In my opinion, the only explanation for this behavior is that the old image file somehow got damaged after uploading (and using it for a while). Is this possible? Can you tell me where the images are stored on the provisioning device? Then I can recompute the hash of both the old and the newly uploaded image and diff them.

maxnet commented 11 months ago

Not near a cmprovision installation but recall /var/lib/cmprovision/storage/app/public Search for the filename mentioned in your photo xAthROF ... .gz

And yes, SD card storage is fragile. It cannot do small writes. If you modify anything on SD card it will have to read a larger block of data, change the bytes you want to change, erase some flash pages, and write the large block of data back to storage. If something happens during the write (e.g. unclean shutdown) it can affect more than just the file you were changing...

Dude90 commented 11 months ago

Thank you! With your hint I was able to find the images. The exact location of the image storage is /var/lib/cmprovision/public/uploads.

The hashes are confirming the suspicion. They differ between the old image and newly uploaded image. While the hash of the newly uploaded image equals the hash that I have computed on my computer, the hash of the old image does not. Hence, the old image has indeed somehow been damaged. But I am still wondering why a few boards could nevertheless be successfully flashed with the old image. That seems strange... Do you have any explanation for that?
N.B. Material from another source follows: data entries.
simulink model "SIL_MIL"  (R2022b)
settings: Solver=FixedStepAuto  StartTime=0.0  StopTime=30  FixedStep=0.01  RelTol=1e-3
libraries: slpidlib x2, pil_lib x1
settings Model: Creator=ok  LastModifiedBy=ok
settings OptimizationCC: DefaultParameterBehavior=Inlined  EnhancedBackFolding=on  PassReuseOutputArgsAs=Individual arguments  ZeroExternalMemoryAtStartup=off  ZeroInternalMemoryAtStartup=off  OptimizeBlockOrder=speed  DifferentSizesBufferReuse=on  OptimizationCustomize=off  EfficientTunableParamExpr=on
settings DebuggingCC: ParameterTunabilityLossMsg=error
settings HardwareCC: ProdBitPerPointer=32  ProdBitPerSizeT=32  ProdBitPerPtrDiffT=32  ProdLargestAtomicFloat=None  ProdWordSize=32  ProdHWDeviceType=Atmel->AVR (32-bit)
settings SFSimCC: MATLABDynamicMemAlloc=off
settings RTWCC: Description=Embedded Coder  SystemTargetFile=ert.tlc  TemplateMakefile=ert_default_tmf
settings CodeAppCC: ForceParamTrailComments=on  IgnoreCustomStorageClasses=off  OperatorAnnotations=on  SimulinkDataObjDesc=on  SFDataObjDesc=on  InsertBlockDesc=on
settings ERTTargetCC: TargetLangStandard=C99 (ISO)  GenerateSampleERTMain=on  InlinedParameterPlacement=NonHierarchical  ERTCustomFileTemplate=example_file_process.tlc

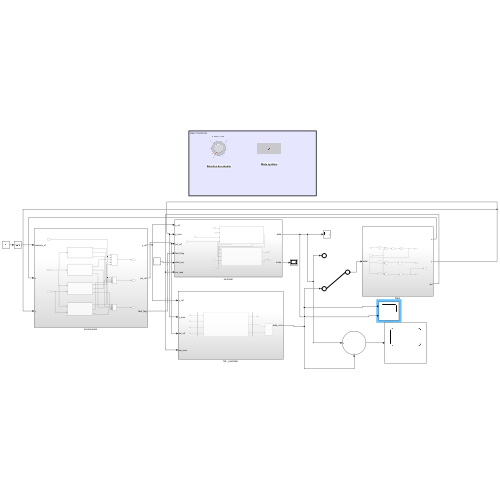
[thumbnail: Simulink's stored preview of the top-level diagram]
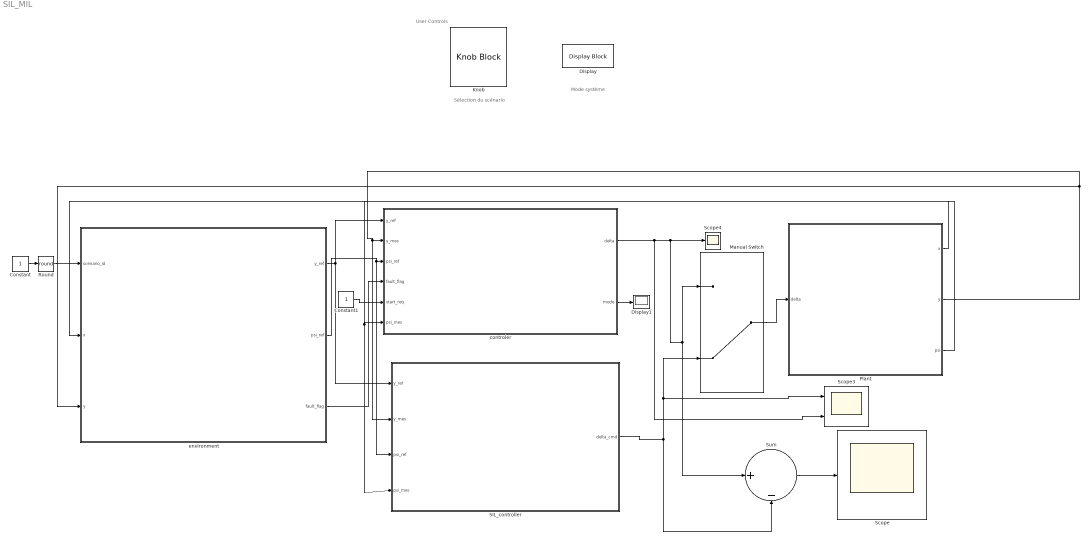
== system SIL_MIL ==
  note: Mode système
  note: Sélection du scénario
  note: User Controls
  Constant : Constant
  Constant1 : Constant
  Display : DisplayBlock  LabelPosition=Hide  Transparency=1
  Display1 : Display
  Knob : KnobBlock  ScaleMin=1  ScaleMax=4  TickInterval=1
  Manual Switch : ManualSwitch  CurrentSetting=0
  "Plant " : Subsystem
  Round : Rounding  Operator=round
  SIL_controller : Subsystem
  Scope : Scope
  Scope3 : Scope  NumInputPorts=2
  Scope4 : Scope
  Sum : Sum  Inputs=|+-
  controler : Subsystem
  "environment " : Subsystem
  wires:
  "environment "/3(fault_flag) -> controler/4(fault_flag)
  Manual Switch/1 -> "Plant "/1(delta)
  Sum/1 -> Scope/1
  controler/1(delta) -> Scope4/1, Sum/1, Manual Switch/1, Scope3/2
  Constant1/1 -> controler/5(start_req)
  Round/1 -> "environment "/1(scenario_id)
  "Plant "/2(y) -> SIL_controller/2(y_mes), controler/2(y_mes), "environment "/3(y)
  "Plant "/1(x) -> "environment "/2(x)
  "Plant "/3(psi) -> SIL_controller/4(psi_mes), controler/6(psi_mes)
  controler/2(mode) -> Display1/1
  Constant/1 -> Round/1
  "environment "/2(psi_ref) -> SIL_controller/3(psi_ref), controler/3(psi_ref)
  SIL_controller/1(delta_cmd) -> Sum/2, Manual Switch/2, Scope3/1
  "environment "/1(y_ref) -> controler/1(y_ref), SIL_controller/1(y_ref)

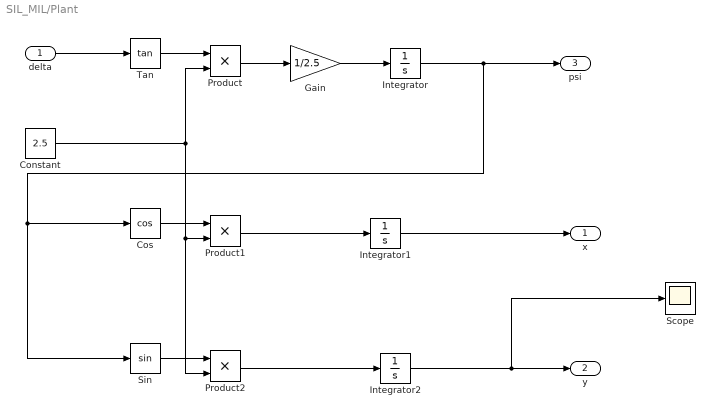
== system SIL_MIL/Plant  ==
  delta : Inport
  Constant : Constant  Value=2.5
  Cos : Trigonometry  Operator=cos
  Gain : Gain  Gain=1/2.5
  Integrator : Integrator
  Integrator1 : Integrator
  Integrator2 : Integrator
  Product : Product
  Product1 : Product
  Product2 : Product
  Scope : Scope
  Sin : Trigonometry
  Tan : Trigonometry  Operator=tan
  x : Outport
  y : Outport  Port=2
  psi : Outport  Port=3
  wires:
  delta/1 -> Tan/1
  Tan/1 -> Product/1
  Constant/1 -> Product/2, Product2/2, Product1/2
  Product/1 -> Gain/1
  Gain/1 -> Integrator/1
  Integrator/1 -> Sin/1, Cos/1, psi/1
  Cos/1 -> Product1/1
  Product1/1 -> Integrator1/1
  Integrator1/1 -> x/1
  Sin/1 -> Product2/1
  Product2/1 -> Integrator2/1
  Integrator2/1 -> Scope/1, y/1

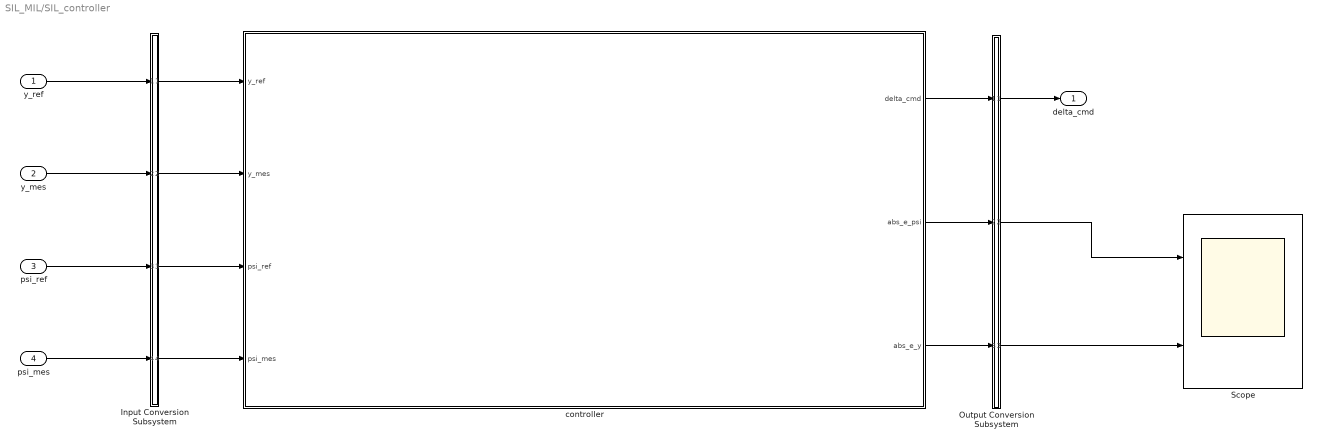
== system SIL_MIL/SIL_controller ==
  y_ref : Inport  OutDataTypeStr=double  PortDimensions=[1]  SampleTime=0
  y_mes : Inport  Port=2  OutDataTypeStr=double  PortDimensions=[1]  SampleTime=0
  psi_ref : Inport  Port=3  OutDataTypeStr=double  PortDimensions=[1]  SampleTime=0
  psi_mes : Inport  Port=4  OutDataTypeStr=double  PortDimensions=[1]  SampleTime=0
  Input Conversion Subsystem : Subsystem  Tag=__SLT_ICS__  Description=|
      | Signal spec.
      | and routing
      settings: AttributesFormatString=%<Description>
  Output Conversion Subsystem : Subsystem  Tag=__SLT_OCS__  Description=|
      | Signal spec.
      | and routing
      settings: AttributesFormatString=%<Description>
  Scope : Scope  NumInputPorts=2
  controller : Subsystem  Tag=__SL_testing_harness_stub_  DialogController=pil_create_dialog  LoadFcn=|
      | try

maxnet commented 11 months ago

But I am still wondering why a few boards could nevertheless be successfully flashed with the old image. That seems strange... Do you have any explanation for that?

If that happened in quick succession (one board fails, one board works, after each other, without you rebooting the host computer) there is also a possibility there was a memory error on your host Pi. As I would expect your 257 MB compressed image to be still in memory (Linux' buffer cache) and not re-read from storage in that case. Unless you are using a model with very little memory. However then the problem would likely to be gone after a reboot though.

Problems with your SD card are more likely. Cheap SD storage sticks 3 bits in a cell. When reading from it, it tests how well current flows through the memory cell, and has to distinguish between 8 possible voltage levels. May be very close to the threshold voltage of a different level, resulting in different results on different reads.

(Some flash storage can be programmed to stick less bits in a cell, giving better reliability at a cost of permanently losing capacity. The eMMC on the CM4 boards does supports that. It is what the option "Format eMMC as pSLC (one time settable only)" in cmprovision does. But very few normal SD cards do, so will not help on your host system. Do note you can also install cmprovision on a normal x86 computer with normal disks. It is not mandatory to use a Pi).

Dude90 commented 10 months ago

@maxnet Thanks for your explanation. I think your point with the SD card makes the most sense in my case. I had a conversation with a colleague about the problem and we also came to the conclusion that an unstable memory cell in the SD card is very likely to explain the behavior.

The pSLC option and also installing the cmprovision on a normal x86 computer sound very interesting. I will have a look on that.

I think, at least for the moment, it is clear that a corrupted image caused my issues. As a first step I will replace/reupload the image and I will have an eye on it. If it is corrupted again in a few weeks, I will change to a better SD card or directly move the provision station to a x86 computer.

Thank you for the always fast and qualified help with this issue. Really great support here!!